I think it just means music made by furries.


----------



## Lyxen (May 28, 2010)

yup


----------



## Alstor (May 28, 2010)

Basically, I believe it's original meaning is music made by furries, as it was said before. But, I like to think of it as a music created by a furry musician or musicians that either shows anthropomorphism in it or is used to benifit the furry art community. With that, there comes some restrictions...

- If one furry is in a band with one or more other musicians and they make music that doesn't touch on anthropomorphism or it doesn't benifit the fandom, then it is not a furry band, but a band that has a furry in it.

- If a solo act that is a furry makes music that doesn't touch on anthropomorphism or benifits the fandom, then he/she is not a furry musician, but rather a musician that happens to be a furry.

- If a whole band made up of furries makes music that doesn't touch on anthropomorphism or benifits the fandom, then they are not a furry band, but a band that has furries in it.

- If a band that has one, some, or most (but not all) musician(s) as a furry and they make music that touchs on anthropomorphism or benifits the fandom, then they could be considered a furry band.

- If a solo act that is a furry makes music that touchs on anthropomorphism or benifits the fandom, then he/she is a furry artist.
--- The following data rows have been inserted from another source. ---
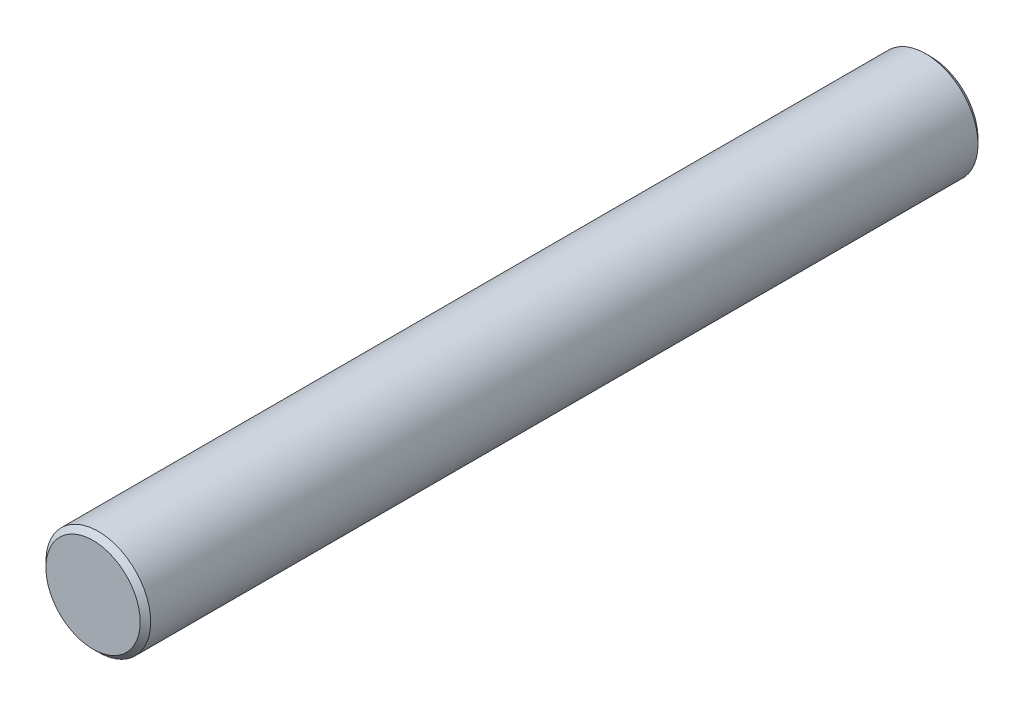
SolidWorks part; units mm, degrees
ref_plane "前视基准面" through (0, 0, 0) normal (0, 0, 1) x (1, 0, 0)
ref_plane "上视基准面" through (0, 0, 0) normal (0, 1, 0) x (1, 0, 0)
ref_plane "右视基准面" through (0, 0, 0) normal (1, 0, 0) x (0, 0, -1)
sketch "草图1" plane through (0, 0, 0) normal (0, 0, 1) x (1, 0, 0)
  circle A0 centre (0, 0) radius 5
extrude "拉伸1" add sketch "草图1" along normal blind 80
hole_wizard "M5 螺纹孔1" positions "草图3" profile "草图2" tap size "M5" standard "GB"
sketch "草图3" plane through (0, 0, 0) normal (0, 0, -1) x (-1, 0, 0)
  point P0 (0, 0)
sketch "草图2" plane through (0, 0, 0) normal (1, 0, 0) x (0, 1, 0)
  line L0 (0, 0) -> (0, 18.6618)
  line L1 (0, 18.6618) -> (2.1, 17.4)
  line L2 (2.1, 17.4) -> (2.1, 15)
  line L3 (2.1, 15) -> (2.5, 15)
  line L4 (2.5, 15) -> (2.5, 0)
  line L5 (2.5, 0) -> (0, 0)
  line L10 (0, 18.6618) -> (-2.1, 17.4) construction
  line L11 (0, -6.35) -> (0, 107.95) construction
  dimension "螺纹孔钻头直径" = 4.2
  dimension "螺纹孔钻头深度" = 17.4
  dimension "螺纹主直径" = 5
  dimension "螺纹深度" = 15
  dimension "导头角度" = 118
chamfer "倒角1" distance 0.5 angle 45 2 edges at (5, 0, 0) (5, 0, 80)

- If a band is made up of completely furries and their music touchs on anthropomorphism or benifits the fandom, then they are a furry band.

That said, I am using the terms "furry band" and "furry artist" in the sense that the furry becomes before the music, rather than the other way around. I know it can be debated, but that's how I view it.

tl;dr Can't be done. You have to read the whole damn post.


----------



## SwaggleTooth (May 29, 2010)

^ Well, I suppose that's a fair assessment of what the term should mean, though I doubt that its used in the fandom so strictly. Which is to say, good job at whittling down, but you might not find that it holds up so well in common talk. 

Its a good question, but I think that it answer is that "furry music" is really just an offhand expression. 

If I were to play along, I'm a furry and I suppose I make music that could be called furry if one wanted to, but really it's its own thang that just happens to bring up lots of animal mythos in its themes -- crows, scorpions, wolves, phoenixes, snakes especially seem to keep popping up for attention. However, those connotations are universal, not just furry. 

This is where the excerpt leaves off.